Rick Perry is the Energy Secretary-designate; late night comics are
having a field day recalling Perry wanted to abolish the Department of
Energy in 2011 and a year later, while on TV, couldn’t recall that
Energy was the third of three departments he wanted gone. Perry would be
replacing a Nobel prize-winner, Steven Chu. The EPA Administrator would
be Oklahoma attorney general Scott Pruitt, who sued the EPA over its
Clean Power Plan. In May, he wrote in
National Review,
“Scientists continue to disagree about the degree and extent of global
warming and its connection to the actions of mankind. That debate should
be encouraged — in classrooms, public forums, and the halls of
Congress.” It’s likely the US 2016-2020 will be more open to fracking,
pipelines, and oil/gas exploration. More energy would drive down the
cost of gasoline, probably increase sales of larger trucks, pickups and
SUVs, and help Ford-GM-Chrysler/RAM since they sell more big vehicles
than internationally flagged automakers.
It’s possible a Trump administration wouldn’t
push hard to carry out the EPA’s rulemaking that raises the corporate
average fuel economy to 54.5 mpg in 2025. While that sounds high, the
actual effect, after various calculations, is that the average car would
have to return about 40 mpg to meet the 54.5 mpg standard. It’s still a
challenge, in part because Americans are bigger (stockier) than the
rest of the world and we don’t fit easily in high-mpg subcompact cars.
The rest of the developed world, which is committed to energy
conservation, will be disappointed.
The challenge for the US is that we will be
out of sync with the rest of the world. US automakers, who are global
automakers, will have to continue on reducing the weight of vehicles and
making engines more efficient. If and when a new administration in 2020
or 2024 wants to get going again, much of the work will have been done.

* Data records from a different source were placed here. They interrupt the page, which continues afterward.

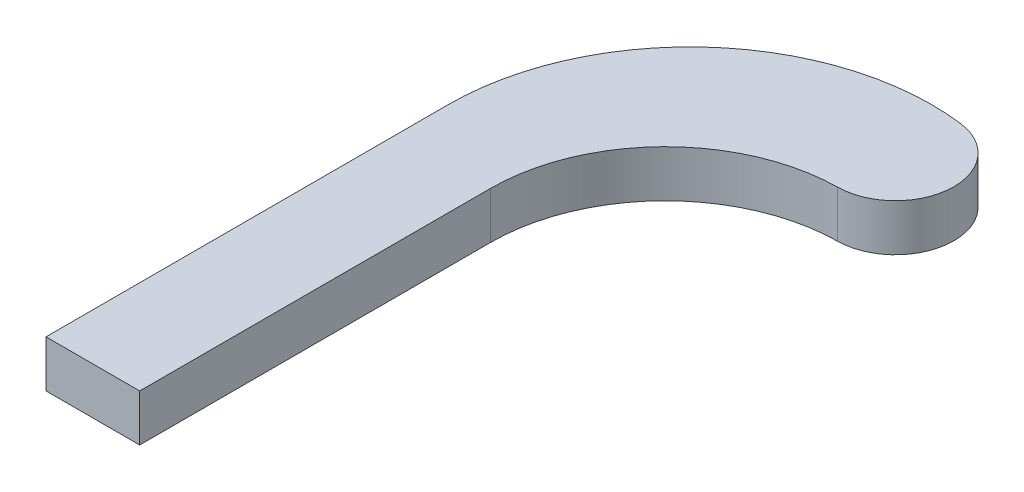
SolidWorks part; units mm, degrees
material "Pine"
ref_plane "Front Plane" through (0, 0, 0) normal (0, 0, 1) x (1, 0, 0)
ref_plane "Top Plane" through (0, 0, 0) normal (0, 1, 0) x (1, 0, 0)
ref_plane "Right Plane" through (0, 0, 0) normal (1, 0, 0) x (0, 0, -1)
sketch "Sketch1" plane through (0, 0, 0) normal (0, 1, 0) x (1, 0, 0)
  line L44 (-19.05, 142.605) -> (-19.05, 163.4734)
  line L48 (-19.05, 0) -> (19.05, 0)
  line L49 (-19.05, 0) -> (-19.05, 142.605)
  line L50 (-19.05, 142.605) -> (19.05, 142.605) construction
  line L51 (19.05, 0) -> (19.05, 142.605)
  arc A4 (19.05, 0) -> (-19.05, 0) centre (0, 0) cw construction
  arc A6 (-19.05, 163.4734) -> (91.9492, 261.05) centre (79.3382, 163.4734) cw
  arc A7 (19.05, 142.605) -> (89.2061, 213.6695) centre (90.1204, 142.605) cw
  arc A10 (89.2061, 213.6695) -> (91.9492, 261.05) centre (88.9, 237.4569) ccw
  point P4 (0, 0)
  dimension "D5" = 237.4569
  dimension "D2" = 88.9
  dimension "D4" = 98.3882
  dimension "D6" = 23.7894
  dimension "D3" = 71.0704
  dimension "D1" = 38.1
extrude "Boss-Extrude1" add sketch "Sketch1" along normal blind 19.05
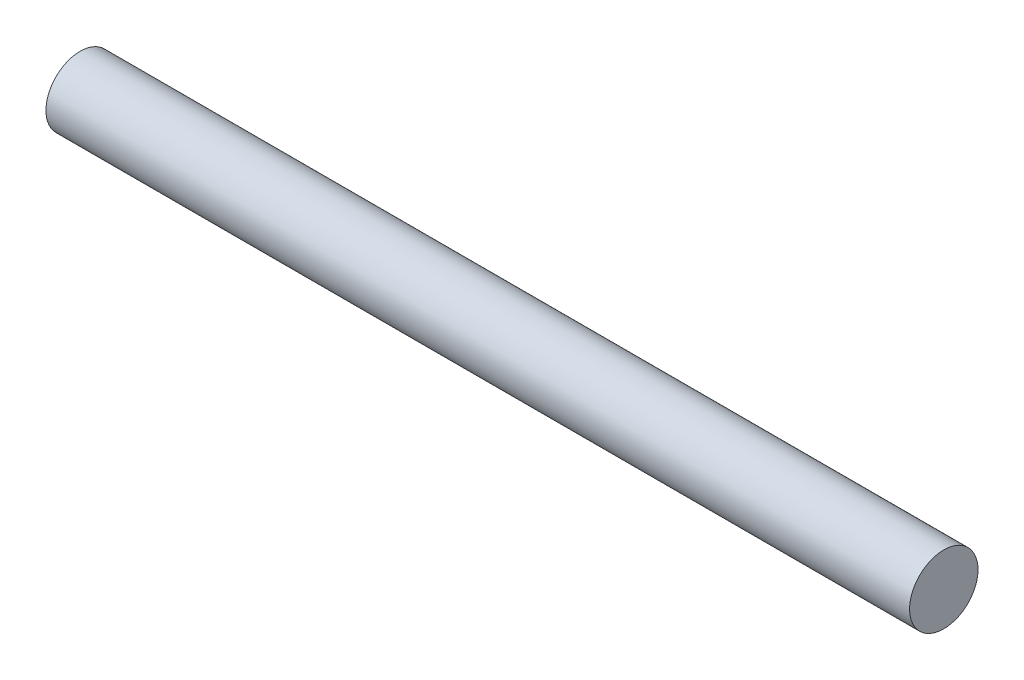
SolidWorks part; units mm, degrees
ref_plane "Plan de face" through (0, 0, 0) normal (0, 0, 1) x (1, 0, 0)
ref_plane "Plan de dessus" through (0, 0, 0) normal (0, 1, 0) x (1, 0, 0)
ref_plane "Plan de droite" through (0, 0, 0) normal (1, 0, 0) x (0, 0, -1)
sketch "Esquisse1" plane through (0, 0, 0) normal (1, 0, 0) x (0, 0, -1)
  circle A0 centre (-12.4719, -56.3241) radius 4
  dimension "D1" = 8
extrude "Boss.-Extru.1" add sketch "Esquisse1" along normal blind 101
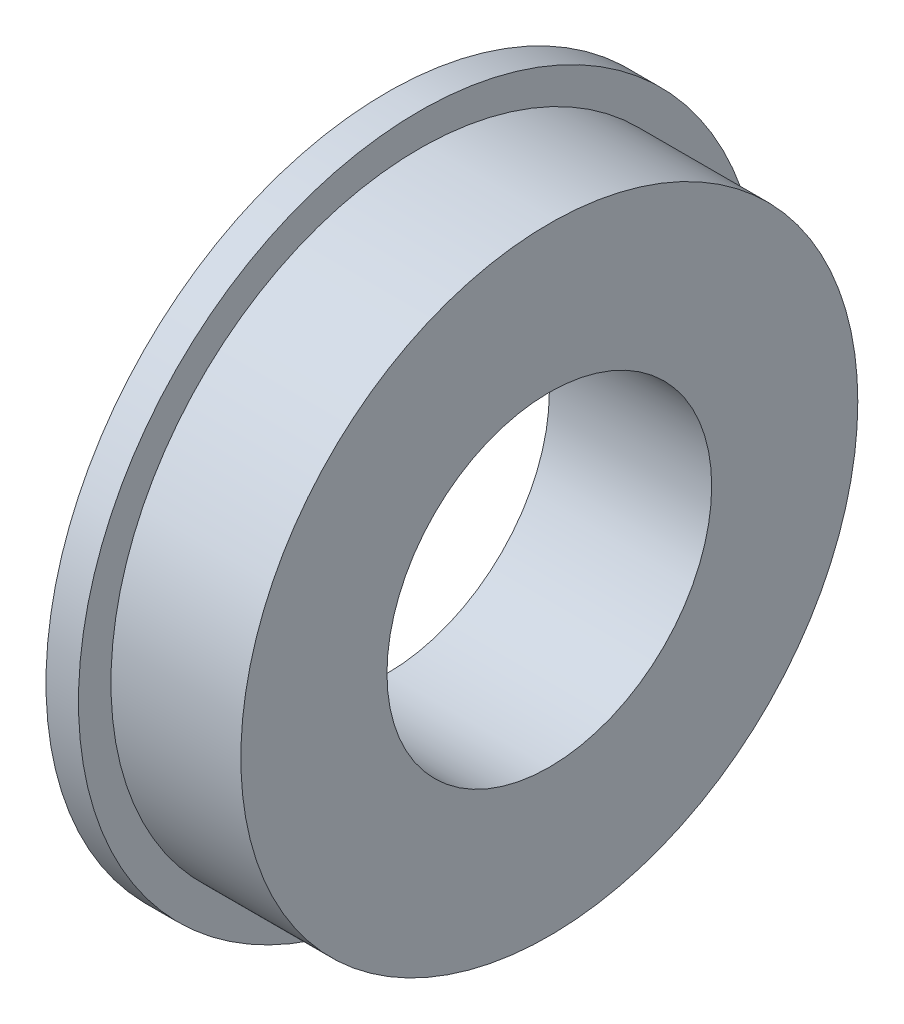
SolidWorks part; units mm, degrees
material "AISI 304"
ref_plane "前视基准面" through (0, 0, 0) normal (0, 0, 1) x (1, 0, 0)
ref_plane "上视基准面" through (0, 0, 0) normal (0, 1, 0) x (1, 0, 0)
ref_plane "右视基准面" through (0, 0, 0) normal (1, 0, 0) x (0, 0, -1)
sketch "草图1" plane through (0, 0, 0) normal (1, 0, 0) x (0, 0, -1)
  line L0 (-23.9568, 0) -> (22.2718, 0) construction
  line L1 (0, 25.1553) -> (0, -22.3288) construction
  circle A0 centre (0, 0) radius 10.5
  circle A1 centre (0, 0) radius 5
extrude "凸台-拉伸1" add sketch "草图1" along normal blind 5
sketch "草图3" plane through (5, 0, 0) normal (1, 0, 0) x (0, 0, -1)
  circle A0 centre (0, 0) radius 10.5
  circle A1 centre (0, 0) radius 9.5
extrude "切除-拉伸1" cut sketch "草图3" against normal blind 4

President Obama’s 2009 Cadillac Presidential Limousine
The Presidential limousine gets delivered (but the 747?)
Trump made headlines by tweeting about what he
thought was the excessive cost of a pair of new Presidential 747s with
the newest security gear. At the same time, Trump will be getting new
Presidential limousines, perhaps a dozen of them.They get significant
armoring to make them resist not just rifle fire, but a hit from a
rocket propelled grenade or an IED (improvised explosive device). They
weigh 15,000 pounds-plus, and even though they look like stretched
Cadillac sedans, the underpinnings are closer to that of Cadillac trucks
or SUVs. They have communications, but it’s not a mobile office. The
president seldom travels more than 30 minutes in the Beast (its
nickname). Each vehicle costs about $1.5 million, a far cry from the
claimed $4 billion cost of for a pair 747-8s for the Commander in Chief.